Oh yea, I say unto thee... Ask and Ye shall receive!!! Norfolk Island Pine knot direction commin at ya!

Reactions: Like 1 | Thank You! 1 | Way Cool 1 | Informative 2


----------



## Tom Smart (Sep 12, 2016)

Duncan, I came away with some of the pentracryl and Odie's oil, neither of which I have tried yet. While I was at their shop (home actually) Steve Arnold was finishing a NIP hollow form and applying the Odie's oil by hand without a rag. It was a beautiful piece. I'm anxious to get home and try these blanks.

Reactions: Like 1


----------



## ripjack13 (Sep 12, 2016)

@Don Ratcliff has done a couple vessels...maybe he could offer some "whimsical" advice?

Reactions: Funny 2


----------



## Spinartist (Sep 12, 2016)

Gents. I turn lots of NIP. It's yellow when the live tree is first cut down & spalts with dark areas in a few months here in south Florida. Almost all dark in 8 to 10 months...How fresh is the NIP you have?? You can set the cut log end on dirt to spalt quicker.

After turning my shape & dried - takes a day if turned thin to dry, a couple days if over 1/4", sanding & form completed, I brush on several coats of boiled linseed oil, cut 50/50 with odorless mineral spirits(OMS), on wall thickness's over 1/4" or soak it in the oil for a day or two on thinner walled pieces to make it translucent.
Next is wipe excess oil from surface with OMS & paper towels and let air for half hour or longer.
** *PAPER TOWELS, RAGS OR WOOD CHIPS WITH LINSEED OR OTHER OIL FINISHED CAN SPONTANIOUSLY CATCH FIRE!!!!!!! TAKE THEM OUTSIDE & LAY FLAT TO DRY OR PUT INTO METAL CONTAINER WITH TIGHT FITTING LID!!*

Then I paint every surface of the oiled wood with Japan Drier(JD), available at most big box or hardware stores. The next day oil will be dry.
I spray or wipe on polyurethane to the desired finish. Before I started using JD I would need ten coats of poly to get a glass like finish. With the drier only 4 or 5 coats needed plus the oil won't bleed out if the piece heats up setting in the sun.

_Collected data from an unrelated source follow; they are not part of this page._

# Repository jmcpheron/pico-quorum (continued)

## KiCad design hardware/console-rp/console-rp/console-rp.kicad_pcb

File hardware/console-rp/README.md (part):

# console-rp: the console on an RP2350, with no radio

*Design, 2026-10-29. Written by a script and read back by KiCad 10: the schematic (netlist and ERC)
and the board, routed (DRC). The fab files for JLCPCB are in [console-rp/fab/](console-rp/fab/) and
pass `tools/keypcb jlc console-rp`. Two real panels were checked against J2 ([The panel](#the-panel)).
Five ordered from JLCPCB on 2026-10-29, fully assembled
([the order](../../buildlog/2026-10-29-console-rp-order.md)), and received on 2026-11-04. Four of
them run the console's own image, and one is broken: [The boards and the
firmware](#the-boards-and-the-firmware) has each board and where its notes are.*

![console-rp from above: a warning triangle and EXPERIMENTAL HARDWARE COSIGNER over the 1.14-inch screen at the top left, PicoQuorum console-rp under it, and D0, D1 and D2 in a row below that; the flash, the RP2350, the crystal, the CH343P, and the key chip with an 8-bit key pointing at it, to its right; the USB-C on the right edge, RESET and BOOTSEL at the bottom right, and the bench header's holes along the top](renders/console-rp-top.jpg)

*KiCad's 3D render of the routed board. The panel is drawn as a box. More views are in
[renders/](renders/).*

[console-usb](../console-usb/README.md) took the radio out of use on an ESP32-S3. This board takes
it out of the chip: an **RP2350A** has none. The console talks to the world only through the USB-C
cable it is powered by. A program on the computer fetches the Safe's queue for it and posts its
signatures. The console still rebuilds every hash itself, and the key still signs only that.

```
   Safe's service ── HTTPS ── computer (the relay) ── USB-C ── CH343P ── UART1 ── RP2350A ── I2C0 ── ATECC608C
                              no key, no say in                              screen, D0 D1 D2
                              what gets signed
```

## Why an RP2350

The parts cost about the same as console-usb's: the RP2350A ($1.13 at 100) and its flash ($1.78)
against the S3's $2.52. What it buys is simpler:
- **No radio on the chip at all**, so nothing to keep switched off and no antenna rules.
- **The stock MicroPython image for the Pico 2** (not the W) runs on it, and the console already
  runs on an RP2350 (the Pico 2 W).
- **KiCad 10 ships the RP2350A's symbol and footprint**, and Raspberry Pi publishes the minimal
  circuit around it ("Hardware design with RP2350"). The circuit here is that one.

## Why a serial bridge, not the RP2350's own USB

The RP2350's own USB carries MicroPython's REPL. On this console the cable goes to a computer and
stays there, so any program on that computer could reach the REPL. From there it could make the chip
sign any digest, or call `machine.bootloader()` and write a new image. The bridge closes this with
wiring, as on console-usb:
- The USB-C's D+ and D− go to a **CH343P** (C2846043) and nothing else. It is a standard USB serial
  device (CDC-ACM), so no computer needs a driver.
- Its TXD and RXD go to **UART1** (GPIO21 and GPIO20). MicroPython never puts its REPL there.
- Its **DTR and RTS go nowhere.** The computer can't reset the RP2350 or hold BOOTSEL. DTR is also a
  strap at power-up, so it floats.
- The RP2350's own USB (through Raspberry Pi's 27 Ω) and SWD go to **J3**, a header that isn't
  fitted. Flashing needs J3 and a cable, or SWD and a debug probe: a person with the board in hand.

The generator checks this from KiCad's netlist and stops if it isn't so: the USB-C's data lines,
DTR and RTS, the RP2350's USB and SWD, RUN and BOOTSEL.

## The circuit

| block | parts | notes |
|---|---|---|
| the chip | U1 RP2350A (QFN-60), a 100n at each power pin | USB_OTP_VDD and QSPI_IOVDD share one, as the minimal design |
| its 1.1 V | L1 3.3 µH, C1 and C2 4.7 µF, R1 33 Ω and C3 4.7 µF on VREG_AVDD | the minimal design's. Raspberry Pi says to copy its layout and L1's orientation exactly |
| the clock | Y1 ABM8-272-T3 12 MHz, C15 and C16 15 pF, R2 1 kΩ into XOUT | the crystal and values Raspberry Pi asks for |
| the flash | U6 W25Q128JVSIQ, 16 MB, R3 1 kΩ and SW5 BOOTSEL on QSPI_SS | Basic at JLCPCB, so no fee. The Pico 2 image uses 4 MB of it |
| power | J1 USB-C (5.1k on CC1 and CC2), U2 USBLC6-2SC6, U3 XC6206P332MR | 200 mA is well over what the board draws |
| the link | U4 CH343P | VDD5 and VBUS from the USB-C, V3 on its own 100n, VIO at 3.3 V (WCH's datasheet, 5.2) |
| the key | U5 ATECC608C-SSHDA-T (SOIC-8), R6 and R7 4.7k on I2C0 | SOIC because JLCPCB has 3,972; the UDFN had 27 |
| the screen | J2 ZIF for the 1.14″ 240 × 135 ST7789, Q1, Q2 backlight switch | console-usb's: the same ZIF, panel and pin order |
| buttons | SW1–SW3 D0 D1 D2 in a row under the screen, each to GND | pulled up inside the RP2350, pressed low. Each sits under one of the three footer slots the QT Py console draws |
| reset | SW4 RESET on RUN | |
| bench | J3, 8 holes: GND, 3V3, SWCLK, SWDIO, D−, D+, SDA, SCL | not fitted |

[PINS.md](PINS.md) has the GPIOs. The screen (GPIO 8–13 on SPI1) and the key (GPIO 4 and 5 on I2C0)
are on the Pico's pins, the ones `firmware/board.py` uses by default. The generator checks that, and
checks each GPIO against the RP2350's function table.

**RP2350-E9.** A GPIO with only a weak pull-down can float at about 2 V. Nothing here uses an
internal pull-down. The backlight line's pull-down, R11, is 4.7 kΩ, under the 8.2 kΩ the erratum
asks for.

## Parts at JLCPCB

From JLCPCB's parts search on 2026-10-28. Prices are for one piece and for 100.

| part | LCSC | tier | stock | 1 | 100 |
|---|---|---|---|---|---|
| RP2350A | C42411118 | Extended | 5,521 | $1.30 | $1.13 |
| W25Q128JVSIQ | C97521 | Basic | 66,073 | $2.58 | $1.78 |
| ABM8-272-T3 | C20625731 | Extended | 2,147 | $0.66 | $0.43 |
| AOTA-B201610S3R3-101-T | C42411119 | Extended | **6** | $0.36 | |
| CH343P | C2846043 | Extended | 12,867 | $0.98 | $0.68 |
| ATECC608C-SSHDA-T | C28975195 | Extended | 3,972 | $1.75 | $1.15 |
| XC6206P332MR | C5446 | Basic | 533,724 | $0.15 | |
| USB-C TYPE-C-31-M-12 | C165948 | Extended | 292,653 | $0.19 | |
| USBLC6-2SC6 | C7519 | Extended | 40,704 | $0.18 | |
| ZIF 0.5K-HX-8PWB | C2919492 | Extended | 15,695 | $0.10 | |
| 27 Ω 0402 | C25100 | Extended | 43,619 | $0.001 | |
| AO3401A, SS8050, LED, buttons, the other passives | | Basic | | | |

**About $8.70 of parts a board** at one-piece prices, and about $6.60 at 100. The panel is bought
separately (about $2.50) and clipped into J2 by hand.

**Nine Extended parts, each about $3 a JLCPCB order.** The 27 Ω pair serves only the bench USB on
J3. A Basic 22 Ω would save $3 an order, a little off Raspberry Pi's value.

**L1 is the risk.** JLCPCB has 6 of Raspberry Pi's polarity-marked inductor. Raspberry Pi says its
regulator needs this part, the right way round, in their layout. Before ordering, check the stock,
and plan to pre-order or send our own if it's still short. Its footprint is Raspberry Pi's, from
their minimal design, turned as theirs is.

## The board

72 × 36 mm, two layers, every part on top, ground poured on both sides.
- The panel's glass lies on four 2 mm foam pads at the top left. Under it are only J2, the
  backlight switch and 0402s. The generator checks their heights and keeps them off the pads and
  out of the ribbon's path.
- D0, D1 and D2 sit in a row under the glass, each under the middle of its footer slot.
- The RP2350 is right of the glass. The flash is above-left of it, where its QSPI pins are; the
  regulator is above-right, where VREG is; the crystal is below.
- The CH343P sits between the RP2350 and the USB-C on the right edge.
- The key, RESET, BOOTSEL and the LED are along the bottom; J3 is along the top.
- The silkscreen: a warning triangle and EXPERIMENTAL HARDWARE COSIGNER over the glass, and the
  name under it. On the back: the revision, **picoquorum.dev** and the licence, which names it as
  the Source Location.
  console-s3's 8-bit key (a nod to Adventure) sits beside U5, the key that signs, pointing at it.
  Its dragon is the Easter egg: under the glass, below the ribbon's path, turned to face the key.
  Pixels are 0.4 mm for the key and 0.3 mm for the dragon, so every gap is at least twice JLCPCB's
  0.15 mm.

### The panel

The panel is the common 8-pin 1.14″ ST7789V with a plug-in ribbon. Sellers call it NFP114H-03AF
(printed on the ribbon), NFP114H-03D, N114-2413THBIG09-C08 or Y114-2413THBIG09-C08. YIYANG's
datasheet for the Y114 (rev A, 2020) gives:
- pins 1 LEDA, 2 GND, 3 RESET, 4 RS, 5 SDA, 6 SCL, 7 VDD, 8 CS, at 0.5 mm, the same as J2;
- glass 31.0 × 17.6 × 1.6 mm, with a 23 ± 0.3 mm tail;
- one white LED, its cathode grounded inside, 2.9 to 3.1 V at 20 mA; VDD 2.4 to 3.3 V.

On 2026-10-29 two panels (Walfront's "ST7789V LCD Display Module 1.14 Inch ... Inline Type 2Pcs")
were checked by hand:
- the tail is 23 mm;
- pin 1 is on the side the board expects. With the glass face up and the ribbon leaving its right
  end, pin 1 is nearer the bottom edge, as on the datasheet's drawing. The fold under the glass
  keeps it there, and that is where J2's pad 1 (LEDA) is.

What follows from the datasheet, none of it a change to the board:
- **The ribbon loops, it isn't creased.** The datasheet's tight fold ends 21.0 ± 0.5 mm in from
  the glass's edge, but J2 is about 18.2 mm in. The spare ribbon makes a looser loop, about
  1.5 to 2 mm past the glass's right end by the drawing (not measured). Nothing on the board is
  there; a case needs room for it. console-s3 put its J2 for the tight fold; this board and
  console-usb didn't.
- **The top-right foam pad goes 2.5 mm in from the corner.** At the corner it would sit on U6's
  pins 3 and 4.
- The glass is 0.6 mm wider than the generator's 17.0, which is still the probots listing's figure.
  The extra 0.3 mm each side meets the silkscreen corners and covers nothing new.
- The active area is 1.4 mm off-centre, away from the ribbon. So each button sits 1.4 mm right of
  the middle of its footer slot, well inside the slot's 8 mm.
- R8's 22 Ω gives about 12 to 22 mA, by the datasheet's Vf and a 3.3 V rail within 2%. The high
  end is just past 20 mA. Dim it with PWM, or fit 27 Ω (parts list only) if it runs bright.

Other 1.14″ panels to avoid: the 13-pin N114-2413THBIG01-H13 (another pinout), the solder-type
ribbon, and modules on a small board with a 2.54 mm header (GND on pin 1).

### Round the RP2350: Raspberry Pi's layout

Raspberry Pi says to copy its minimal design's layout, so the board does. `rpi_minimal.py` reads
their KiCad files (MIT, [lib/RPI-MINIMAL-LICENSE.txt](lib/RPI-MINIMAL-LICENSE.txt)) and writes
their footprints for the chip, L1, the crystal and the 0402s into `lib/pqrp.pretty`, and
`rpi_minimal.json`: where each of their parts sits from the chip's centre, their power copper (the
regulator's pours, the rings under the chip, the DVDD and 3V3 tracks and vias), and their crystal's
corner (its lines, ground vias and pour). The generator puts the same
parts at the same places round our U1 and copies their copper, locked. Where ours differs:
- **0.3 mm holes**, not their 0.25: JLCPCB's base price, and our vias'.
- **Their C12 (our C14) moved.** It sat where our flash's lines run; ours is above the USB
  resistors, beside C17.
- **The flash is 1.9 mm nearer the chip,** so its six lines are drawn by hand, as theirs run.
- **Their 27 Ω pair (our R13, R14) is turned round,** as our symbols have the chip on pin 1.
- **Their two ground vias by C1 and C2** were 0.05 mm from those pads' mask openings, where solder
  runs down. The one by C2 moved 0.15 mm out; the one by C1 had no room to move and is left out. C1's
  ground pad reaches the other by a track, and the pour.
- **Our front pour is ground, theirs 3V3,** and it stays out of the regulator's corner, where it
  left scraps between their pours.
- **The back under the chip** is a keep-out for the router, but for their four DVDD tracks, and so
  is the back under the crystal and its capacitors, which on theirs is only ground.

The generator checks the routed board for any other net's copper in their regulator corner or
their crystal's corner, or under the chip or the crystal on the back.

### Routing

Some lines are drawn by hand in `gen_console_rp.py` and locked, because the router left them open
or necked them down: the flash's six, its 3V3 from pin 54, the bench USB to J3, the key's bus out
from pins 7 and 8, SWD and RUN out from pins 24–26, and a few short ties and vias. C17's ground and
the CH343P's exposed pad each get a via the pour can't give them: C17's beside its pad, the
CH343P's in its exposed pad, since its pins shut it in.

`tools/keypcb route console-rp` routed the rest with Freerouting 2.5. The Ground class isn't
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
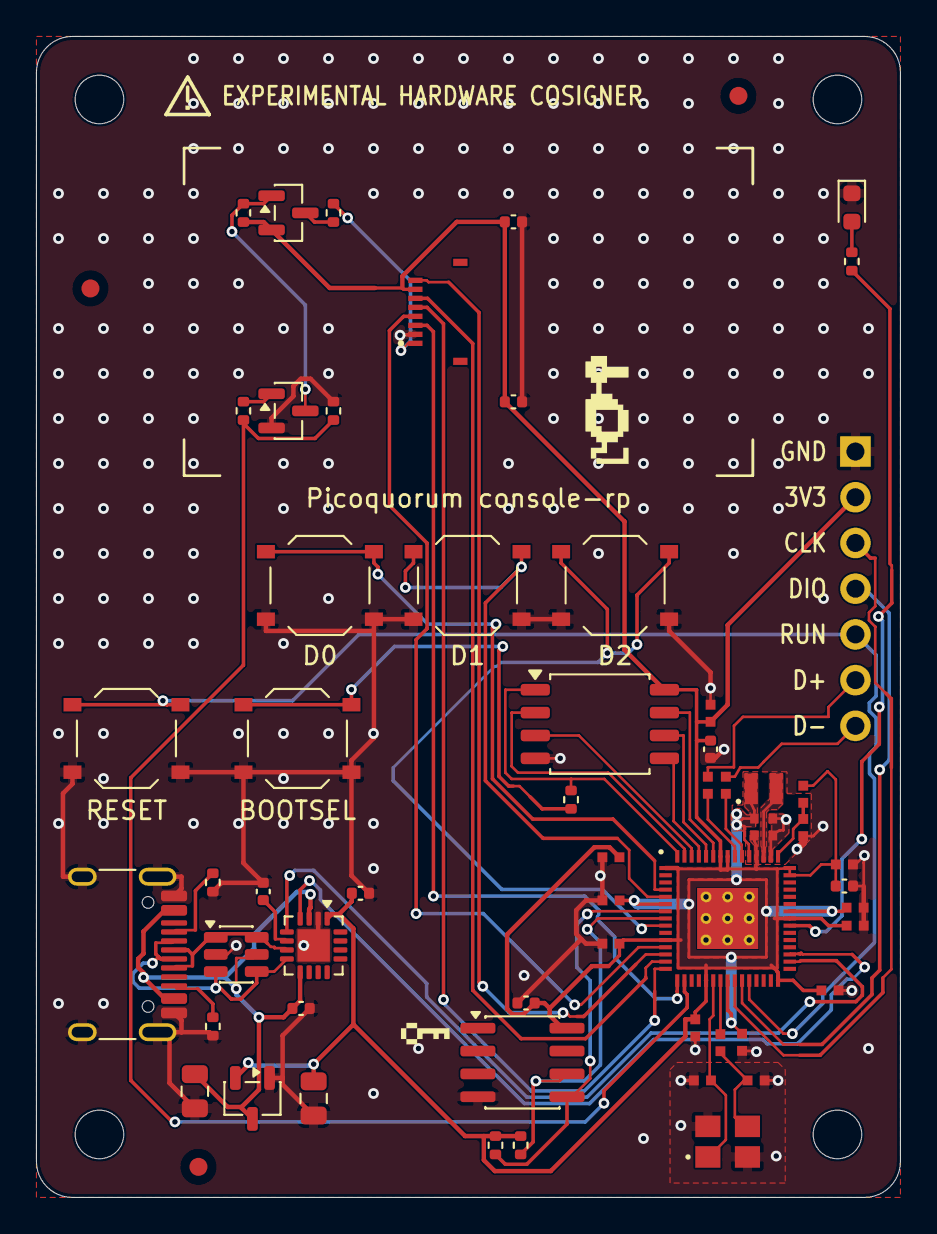
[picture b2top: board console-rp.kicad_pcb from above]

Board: 2 copper layers, 48.0 x 64.5 mm, 67 parts (1 on the bottom side), 47 nets.

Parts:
C1, C2: 4.7u; RPi_C_0402_wide
C3: 4.7u; RPi_C_0402
C4, C5, C6, C7, C8, C10, C11, C12, C13, C14: 100n; RPi_C_0402
C9, C17, C21, C22, C23, C25: 100n; C_0402_1005Metric
C15, C16: 15p; RPi_C_0402
C18, C19: 10u; C_0805_2012Metric
C20, C24: 1u; C_0402_1005Metric
D1: RED; LED_0603_1608Metric
FID1, FID2, FID3: Fiducial; Fiducial_1mm_Mask2mm
H1, H2, H3, H4: M2.5; MountingHole_2.7mm_M2.5
J1: USB-C; USB_C_Receptacle_HRO_TYPE-C-31-M-12
J2: PANEL; FPC_ZIF_8P_P0.5mm_HDGC_0.5K-HX-8PWB
J3: BENCH; PinHeader_1x07_P2.54mm_Vertical
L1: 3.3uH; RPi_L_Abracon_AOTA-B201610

Reactions: Like 1 | Thank You! 2 | Way Cool 5


----------



## Spinartist (Sep 12, 2016)

ripjack13 said:


> @Spinartist
> 
> 
> What about that fabulous @spinartist guy??

Reactions: Funny 2


----------



## Spinartist (Sep 12, 2016)

duncsuss said:


> I got a couple of pieces of NIP, about 10" diameter, 5"--6" thick cookies. Both have the traditional ring of knots.
> 
> The obvious choice would be to turn them end-grain into something bowl-shaped -- but since I've never turned it before, I thought I'd ask if there are any sensible alternatives (that don't involve shipping it someplace else or cutting it up for pens/hairsticks )
> 
> ...




Turn it as wet as you can. When very dry lots of torn end grain. Use sharp tools with absolute bevel contact & slow deliberate final cuts. Spray water on for final cuts helps too.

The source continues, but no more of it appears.